There is an exchange-traded fund that specializes in ethanol and other alternative energy sources: PowerShares WilderHill Clean Energy (AMEX: PBW). PBW came out at around $15 in March 2005, climbed to $24 in May 2006, and is now at $9.35 a share.

PBW's Top Holdings:

  1. Broadwind Energy, Inc. (BWEN): 3.01%
  2. Ormat Technologies, Inc. (ORA): 2.54%
  3. JA Solar Holdings Co., ADR ADR (JASO): 2.47%
  4. Universal Display Corporation (PANL): 2.45%
  5. Suntech Power Holdings Co., Ltd. ADR (STP): 2.45%
  6. Idacorp, Inc. (IDA): 2.44%
  7. First Solar, Inc. (FSLR): 2.43%
  8. Yingli Green Energy Holding Company, Ltd. (YGE): 2.43%
  9. ReneSola Ltd (SOL): 2.43%
  10. CPFL Energy SA ADR (CPL): 2.42%

Expense Ratio: 0.60%

Teucrium Corn Fund (CORN), a product that offers exposure to exchange-traded corn futures.

CORN's Top Holdings:

  1. C U0 Pit Comdty Sep10 Corn Future: 37.53%
  2. C Z1 Pit Comdty Dec11 Corn Future: 37.38%
  3. C Z0 Pit Comdty Dec10 Corn Future: 32.46%

Expense Ratio: 1.00%

Ethanol Market Trends:
For two decades from the early 1980s to the early 2000s the ethanol industry was largely stagnant. Ethanol production in the U.S. and Canada was growing, but only gradually. Brazil's ethanol output was actually sliding. And worldwide output was stagnating. Then, at the turn of the new millennium, the U.S. government and industry began to push ethanol more forcefully and sales and demand in Brazil, the world's leading producer of Ethanol rose exponentially. The result was a worldwide ethanol production boom that has nearly doubled in five years while the surge in volume has triggered the development of new, more efficient technologies. Right now, the only country with cars running on pure ethanol is Brazil. But a mix of ethanol and gasoline is used in the U.S., the European Union, Mexico, India, Argentina and Japan.

Ethanol Outlook:

The Corn Growers Association says that by 2015 a third of all the corn grown — or 5.5 billion bushels — likely will be for ethanol. The Energy Department says it has a goal of 30% of the fuel used by motorists to be ethanol — both corn-based and cellulosic — by 2030.
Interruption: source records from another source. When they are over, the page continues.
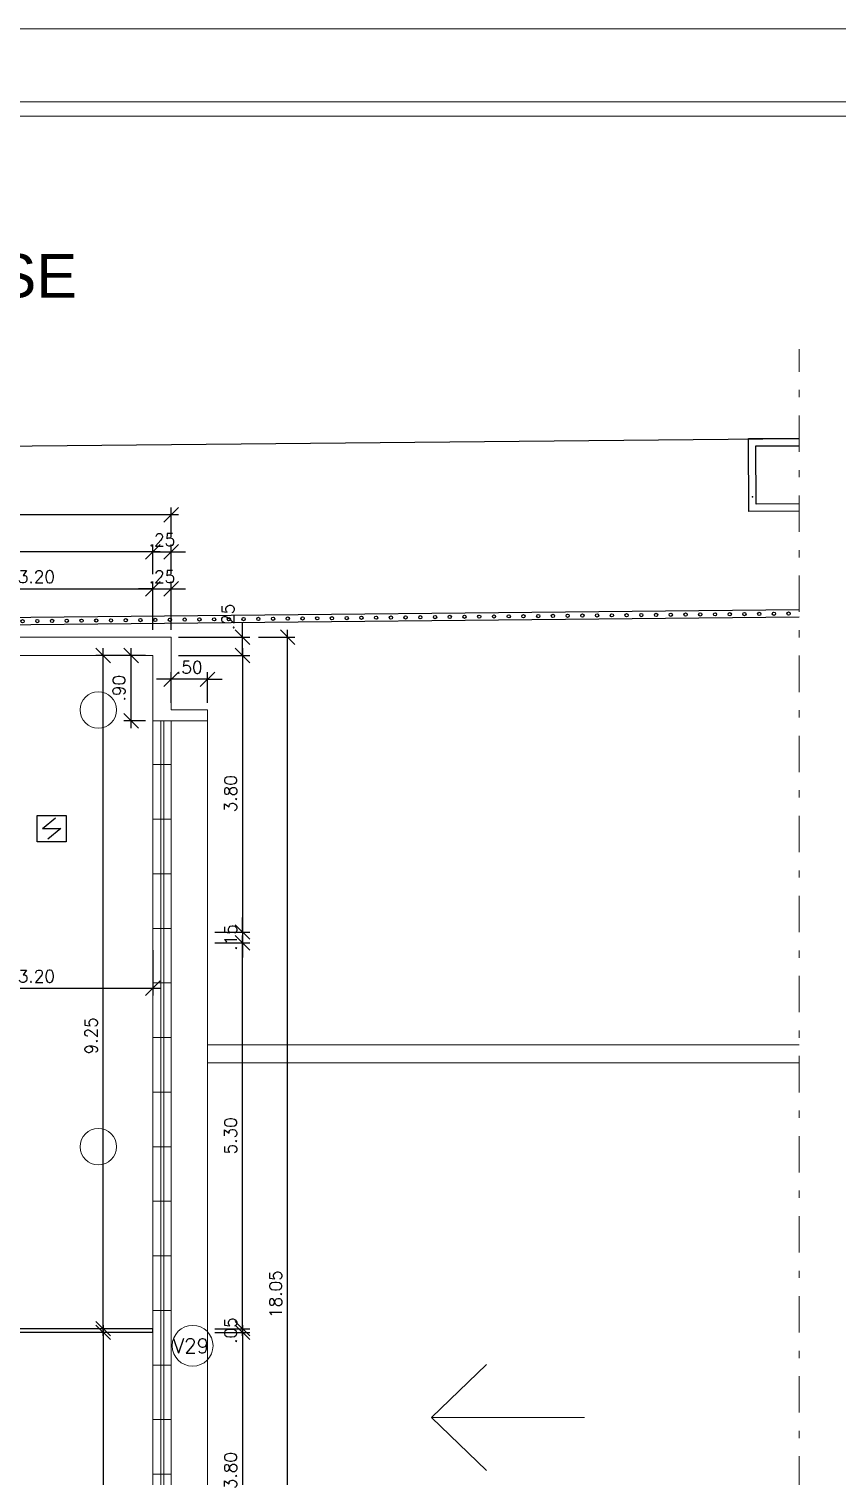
# Model space of a CAD drawing. Header units: millimetres. Extents: x 521 to 1055, y 261 to 520.
# Drawn here: x 614.36 to 625.46, y 325.44 to 345.32 of the extents above; entities that cross this region are included whole.
import ezdxf

# ---------------------------------------------------------------- set-up
doc = ezdxf.new("R2010")
doc.units = ezdxf.units.MM
doc.linetypes.add('CONTINU', pattern=[0])
doc.linetypes.add('DASHDOTX2', pattern=[2, 1, -0.5, 0, -0.5])
doc.layers.add('0.1', color=8, linetype='Continuous', lineweight=13)
for name, color, linetype in [('01', 8, 'Continuous'), ('02', 1, 'Continuous'), ('parede', 5, 'Continuous'), ('PENA_02_VEG', 8, 'Continuous'), ('ppci', 8, 'Continuous'), ('texto', 1, 'Continuous')]:
    doc.layers.add(name, color=color, linetype=linetype)
doc.styles.add('ROBERTO', font='swissek.ttf')
doc.styles.add('ROMANS', font='romans')
doc.styles.get("Standard").update_dxf_attribs({"font": 'romans.shx'})
doc.dimstyles.new('Fares Eng - 50', dxfattribs={"dimscale": 2, "dimtxt": 0.085, "dimasz": 0.1, "dimexe": 0.05, "dimexo": 0.05, "dimgap": 0.04, "dimtad": 1, "dimzin": 4, "dimdsep": 46, "dimtxsty": 'ROMANS', "dimblk1": 'OBLIQUE', "dimblk2": 'OBLIQUE', "dimsah": 1, "dimcen": 0.05, "dimdle": 0.05, "dimclrd": 8, "dimclre": 8, "dimclrt": 8, "dimaunit": 1, "dimadec": 0, "dimazin": 0, "dimtfac": 1, "dimtix": 1, "dimtmove": 2, "dimatfit": 0, "dimldrblk": 'OPEN90', "dimfxl": 1, "dimtolj": 1, "dimtzin": 0, "dimarcsym": 0})

# ---------------------------------------------------------------- blocks, each defined once
blk = doc.blocks.new('_OBLIQUE')
at = {"color": 0, "linetype": 'ByBlock'}
blk.add_line((-0.5, -0.5), (0.5, 0.5), dxfattribs=at)
blk = doc.blocks.new('*D1273')
at = {"layer": '0.1', "color": 8, "linetype": 'CONTINU', "lineweight": -2, "transparency": 16777216}
for p, q in [((612.761, 337.629), (616.161, 337.629)), ((612.861, 337.064), (612.861, 337.729)), ((616.061, 337.064), (616.061, 337.729))]:
    blk.add_line(p, q, dxfattribs=at)
at = {"layer": 'DEFPOINTS', "color": 0, "linetype": 'CONTINU', "lineweight": -2, "transparency": 16777216}
for p in [(616.061, 337.629), (612.861, 336.964), (616.061, 336.964)]:
    blk.add_point(p, dxfattribs=at)
at = {"layer": '0.1', "color": 8, "linetype": 'CONTINU', "lineweight": -2, "transparency": 16777216, "xscale": 0.2, "yscale": 0.2, "zscale": 0.2, "rotation": 180}
blk.add_blockref('_OBLIQUE', (612.861, 337.629), dxfattribs=at)
at = {"layer": '0.1', "color": 8, "linetype": 'CONTINU', "lineweight": -2, "transparency": 16777216, "xscale": 0.2, "yscale": 0.2, "zscale": 0.2}
blk.add_blockref('_OBLIQUE', (616.061, 337.629), dxfattribs=at)
at = {"layer": '0.1', "color": 8, "linetype": 'CONTINU', "transparency": 16777216, "insert": (614.461, 337.794), "char_height": 0.17, "attachment_point": 5, "style": 'ROMANS'}
blk.add_mtext('\\A1;3.20', dxfattribs=at)
blk = doc.blocks.new('_Open90')
at = {"color": 0, "linetype": 'ByBlock', "lineweight": -2}
for p, q in [((0, 0), (-1, 0)), ((-0.5, 0.5), (0, 0)), ((0, 0), (-0.5, -0.5))]:
    blk.add_line(p, q, dxfattribs=at)
blk = doc.blocks.new('*D1274')
at = {"layer": '0.1', "color": 8, "linetype": 'CONTINU', "lineweight": -2, "transparency": 16777216}
for p, q in [((616.061, 337.629), (615.861, 337.629)), ((616.061, 337.064), (616.061, 337.729)), ((616.061, 337.629), (616.311, 337.629)), ((616.311, 337.064), (616.311, 337.729)), ((616.311, 337.629), (616.511, 337.629))]:
    blk.add_line(p, q, dxfattribs=at)
at = {"layer": 'DEFPOINTS', "color": 0, "linetype": 'CONTINU', "lineweight": -2, "transparency": 16777216}
for p in [(616.311, 337.629), (616.061, 336.964), (616.311, 336.964)]:
    blk.add_point(p, dxfattribs=at)
at = {"layer": '0.1', "color": 8, "linetype": 'CONTINU', "lineweight": -2, "transparency": 16777216, "xscale": 0.2, "yscale": 0.2, "zscale": 0.2}
blk.add_blockref('_OBLIQUE', (616.061, 337.629), dxfattribs=at)
at = {"layer": '0.1', "color": 8, "linetype": 'CONTINU', "lineweight": -2, "transparency": 16777216, "xscale": 0.2, "yscale": 0.2, "zscale": 0.2, "rotation": 180}
blk.add_blockref('_OBLIQUE', (616.311, 337.629), dxfattribs=at)
at = {"layer": '0.1', "color": 8, "linetype": 'CONTINU', "transparency": 16777216, "insert": (616.186, 337.794), "char_height": 0.17, "attachment_point": 5, "style": 'ROMANS'}
blk.add_mtext('\\A1;.25', dxfattribs=at)
blk = doc.blocks.new('*D1275')
at = {"layer": '0.1', "color": 8, "linetype": 'CONTINU', "lineweight": -2, "transparency": 16777216}
for p, q in [((609.711, 337.829), (609.711, 338.237)), ((616.061, 337.829), (616.061, 338.237)), ((616.161, 338.137), (609.611, 338.137))]:
    blk.add_line(p, q, dxfattribs=at)
at = {"layer": 'DEFPOINTS', "color": 0, "linetype": 'CONTINU', "lineweight": -2, "transparency": 16777216}
for p in [(609.711, 338.137), (609.711, 337.729), (616.061, 337.729)]:
    blk.add_point(p, dxfattribs=at)
at = {"layer": '0.1', "color": 8, "linetype": 'CONTINU', "lineweight": -2, "transparency": 16777216, "xscale": 0.2, "yscale": 0.2, "zscale": 0.2, "rotation": 180}
blk.add_blockref('_OBLIQUE', (609.711, 338.137), dxfattribs=at)
at = {"layer": '0.1', "color": 8, "linetype": 'CONTINU', "lineweight": -2, "transparency": 16777216, "xscale": 0.2, "yscale": 0.2, "zscale": 0.2}
blk.add_blockref('_OBLIQUE', (616.061, 338.137), dxfattribs=at)
at = {"layer": '0.1', "color": 8, "linetype": 'CONTINU', "transparency": 16777216, "insert": (612.886, 338.302), "char_height": 0.17, "attachment_point": 5, "style": 'ROMANS'}
blk.add_mtext('\\A1;6.35', dxfattribs=at)
blk = doc.blocks.new('*D1276')
at = {"layer": '0.1', "color": 8, "linetype": 'CONTINU', "lineweight": -2, "transparency": 16777216}
for p, q in [((616.061, 337.829), (616.061, 338.237)), ((616.311, 337.829), (616.311, 338.237)), ((616.061, 338.137), (615.861, 338.137)), ((616.061, 338.137), (616.311, 338.137)), ((616.311, 338.137), (616.511, 338.137))]:
    blk.add_line(p, q, dxfattribs=at)
at = {"layer": 'DEFPOINTS', "color": 0, "linetype": 'CONTINU', "lineweight": -2, "transparency": 16777216}
for p in [(616.311, 338.137), (616.061, 337.729), (616.311, 337.729)]:
    blk.add_point(p, dxfattribs=at)
at = {"layer": '0.1', "color": 8, "linetype": 'CONTINU', "lineweight": -2, "transparency": 16777216, "xscale": 0.2, "yscale": 0.2, "zscale": 0.2}
blk.add_blockref('_OBLIQUE', (616.061, 338.137), dxfattribs=at)
at = {"layer": '0.1', "color": 8, "linetype": 'CONTINU', "lineweight": -2, "transparency": 16777216, "xscale": 0.2, "yscale": 0.2, "zscale": 0.2, "rotation": 180}
blk.add_blockref('_OBLIQUE', (616.311, 338.137), dxfattribs=at)
at = {"layer": '0.1', "color": 8, "linetype": 'CONTINU', "transparency": 16777216, "insert": (616.186, 338.302), "char_height": 0.17, "attachment_point": 5, "style": 'ROMANS'}
blk.add_mtext('\\A1;.25', dxfattribs=at)
blk = doc.blocks.new('*D1282')
at = {"layer": '0.1', "color": 8, "linetype": 'CONTINU', "lineweight": -2, "transparency": 16777216}
for p, q in [((616.411, 338.645), (600.211, 338.645)), ((600.311, 338.337), (600.311, 338.745)), ((616.311, 338.337), (616.311, 338.745))]:
    blk.add_line(p, q, dxfattribs=at)
at = {"layer": 'DEFPOINTS', "color": 0, "linetype": 'CONTINU', "lineweight": -2, "transparency": 16777216}
for p in [(600.311, 338.645), (600.311, 338.237), (616.311, 338.237)]:
    blk.add_point(p, dxfattribs=at)
at = {"layer": '0.1', "color": 8, "linetype": 'CONTINU', "lineweight": -2, "transparency": 16777216, "xscale": 0.2, "yscale": 0.2, "zscale": 0.2, "rotation": 180}
blk.add_blockref('_OBLIQUE', (600.311, 338.645), dxfattribs=at)
at = {"layer": '0.1', "color": 8, "linetype": 'CONTINU', "lineweight": -2, "transparency": 16777216, "xscale": 0.2, "yscale": 0.2, "zscale": 0.2}
blk.add_blockref('_OBLIQUE', (616.311, 338.645), dxfattribs=at)
at = {"layer": '0.1', "color": 8, "linetype": 'CONTINU', "transparency": 16777216, "insert": (607.81, 338.858), "char_height": 0.17, "attachment_point": 5, "style": 'ROMANS'}
blk.add_mtext('\\A1;16.00', dxfattribs=at)
blk = doc.blocks.new('*D1590')
at = {"layer": '0.1', "color": 8, "linetype": 'CONTINU', "lineweight": -2, "transparency": 16777216}
for p, q in [((616.311, 336.064), (616.311, 336.486)), ((616.811, 336.064), (616.811, 336.486)), ((616.311, 336.386), (616.111, 336.386)), ((616.811, 336.386), (616.311, 336.386)), ((616.811, 336.386), (617.011, 336.386))]:
    blk.add_line(p, q, dxfattribs=at)
at = {"layer": 'DEFPOINTS', "color": 0, "linetype": 'CONTINU', "lineweight": -2, "transparency": 16777216}
for p in [(616.311, 336.386), (616.311, 335.964), (616.811, 335.964)]:
    blk.add_point(p, dxfattribs=at)
at = {"layer": '0.1', "color": 8, "linetype": 'CONTINU', "lineweight": -2, "transparency": 16777216, "xscale": 0.2, "yscale": 0.2, "zscale": 0.2}
blk.add_blockref('_OBLIQUE', (616.311, 336.386), dxfattribs=at)
at = {"layer": '0.1', "color": 8, "linetype": 'CONTINU', "lineweight": -2, "transparency": 16777216, "xscale": 0.2, "yscale": 0.2, "zscale": 0.2, "rotation": 180}
blk.add_blockref('_OBLIQUE', (616.811, 336.386), dxfattribs=at)
at = {"layer": '0.1', "color": 8, "linetype": 'CONTINU', "transparency": 16777216, "insert": (616.561, 336.551), "char_height": 0.17, "attachment_point": 5, "style": 'ROMANS'}
blk.add_mtext('\\A1;.50', dxfattribs=at)
blk = doc.blocks.new('*D1602')
at = {"layer": '0.1', "color": 8, "linetype": 'CONTINU', "lineweight": -2, "transparency": 16777216}
for p, q in [((615.761, 335.714), (615.761, 336.814)), ((615.961, 336.714), (615.661, 336.714)), ((615.961, 335.814), (615.661, 335.814))]:
    blk.add_line(p, q, dxfattribs=at)
at = {"layer": 'DEFPOINTS', "color": 0, "linetype": 'CONTINU', "lineweight": -2, "transparency": 16777216}
for p in [(615.761, 336.714), (616.061, 336.714), (616.061, 335.814)]:
    blk.add_point(p, dxfattribs=at)
at = {"layer": '0.1', "color": 8, "linetype": 'CONTINU', "lineweight": -2, "transparency": 16777216, "xscale": 0.2, "yscale": 0.2, "zscale": 0.2}
for p, rotation in [((615.761, 336.714), 90), ((615.761, 335.814), 270)]:
    blk.add_blockref('_OBLIQUE', p, dxfattribs=dict(at, rotation=rotation))
at = {"layer": '0.1', "color": 8, "linetype": 'CONTINU', "transparency": 16777216, "insert": (615.596, 336.264), "char_height": 0.17, "attachment_point": 5, "rotation": 90, "style": 'ROMANS'}
blk.add_mtext('\\A1;.90', dxfattribs=at)
blk = doc.blocks.new('*D1609')
at = {"layer": '0.1', "color": 8, "linetype": 'CONTINU', "lineweight": -2, "transparency": 16777216}
for p, q in [((617.293, 336.964), (617.293, 337.164)), ((616.411, 336.964), (617.393, 336.964)), ((617.293, 336.714), (617.293, 336.964)), ((616.411, 336.714), (617.393, 336.714)), ((617.293, 336.714), (617.293, 336.514))]:
    blk.add_line(p, q, dxfattribs=at)
at = {"layer": 'DEFPOINTS', "color": 0, "linetype": 'CONTINU', "lineweight": -2, "transparency": 16777216}
for p in [(616.311, 336.964), (617.293, 336.964), (616.311, 336.714)]:
    blk.add_point(p, dxfattribs=at)
at = {"layer": '0.1', "color": 8, "linetype": 'CONTINU', "lineweight": -2, "transparency": 16777216, "xscale": 0.2, "yscale": 0.2, "zscale": 0.2}
for p, rotation in [((617.293, 336.964), 270), ((617.293, 336.714), 90)]:
    blk.add_blockref('_OBLIQUE', p, dxfattribs=dict(at, rotation=rotation))
at = {"layer": '0.1', "color": 8, "linetype": 'CONTINU', "transparency": 16777216, "insert": (617.093, 337.243), "char_height": 0.17, "attachment_point": 5, "rotation": 90, "style": 'ROMANS'}
blk.add_mtext('\\A1;.25', dxfattribs=at)
blk = doc.blocks.new('*D1615')
at = {"layer": '0.1', "color": 8, "linetype": 'CONTINU', "lineweight": -2, "transparency": 16777216}
for p, q in [((617.912, 318.814), (617.912, 337.064)), ((617.51, 336.964), (618.012, 336.964)), ((617.51, 318.914), (618.012, 318.914))]:
    blk.add_line(p, q, dxfattribs=at)
at = {"layer": 'DEFPOINTS', "color": 0, "linetype": 'CONTINU', "lineweight": -2, "transparency": 16777216}
for p in [(617.41, 336.964), (617.912, 336.964), (617.41, 318.914)]:
    blk.add_point(p, dxfattribs=at)
at = {"layer": '0.1', "color": 8, "linetype": 'CONTINU', "lineweight": -2, "transparency": 16777216, "xscale": 0.2, "yscale": 0.2, "zscale": 0.2}
for p, rotation in [((617.912, 336.964), 90), ((617.912, 318.914), 270)]:
    blk.add_blockref('_OBLIQUE', p, dxfattribs=dict(at, rotation=rotation))
at = {"layer": '0.1', "color": 8, "linetype": 'CONTINU', "transparency": 16777216, "insert": (617.747, 327.939), "char_height": 0.17, "attachment_point": 5, "rotation": 90, "style": 'ROMANS'}
blk.add_mtext('\\A1;18.05', dxfattribs=at)
blk = doc.blocks.new('*D1470')
at = {"layer": '0.1', "color": 8, "linetype": 'CONTINU', "lineweight": -2, "transparency": 16777216}
for p, q in [((617.293, 336.814), (617.293, 332.814)), ((616.411, 336.714), (617.393, 336.714)), ((616.911, 332.914), (617.393, 332.914))]:
    blk.add_line(p, q, dxfattribs=at)
at = {"layer": 'DEFPOINTS', "color": 0, "linetype": 'CONTINU', "lineweight": -2, "transparency": 16777216}
for p in [(616.311, 336.714), (616.811, 332.914), (617.293, 332.914)]:
    blk.add_point(p, dxfattribs=at)
at = {"layer": '0.1', "color": 8, "linetype": 'CONTINU', "lineweight": -2, "transparency": 16777216, "xscale": 0.2, "yscale": 0.2, "zscale": 0.2}
for p, rotation in [((617.293, 336.714), 90), ((617.293, 332.914), 270)]:
    blk.add_blockref('_OBLIQUE', p, dxfattribs=dict(at, rotation=rotation))
at = {"layer": '0.1', "color": 8, "linetype": 'CONTINU', "transparency": 16777216, "insert": (617.128, 334.814), "char_height": 0.17, "attachment_point": 5, "rotation": 90, "style": 'ROMANS'}
blk.add_mtext('\\A1;3.80', dxfattribs=at)
blk = doc.blocks.new('*D1471')
at = {"layer": '0.1', "color": 8, "linetype": 'CONTINU', "lineweight": -2, "transparency": 16777216}
for p, q in [((617.293, 332.914), (617.293, 333.114)), ((616.911, 332.914), (617.393, 332.914)), ((617.293, 332.914), (617.293, 332.764)), ((616.911, 332.764), (617.393, 332.764)), ((617.293, 332.764), (617.293, 332.564))]:
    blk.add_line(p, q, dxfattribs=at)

Brazil: Brazil has thousands of gas stations using the same tanks, pumps, tankers for transportation, some with minor modifications and Brazil is building new pipelines to transport ethanol. Brazil is undergoing an ethanol revolution far more drastic than that in the U.S. Flex-fuel cars that can run solely on ethanol are widely available and the ethanol supply is short enough that the government recently reduced the mandatory ethanol content in gasoline from 25% to 20%.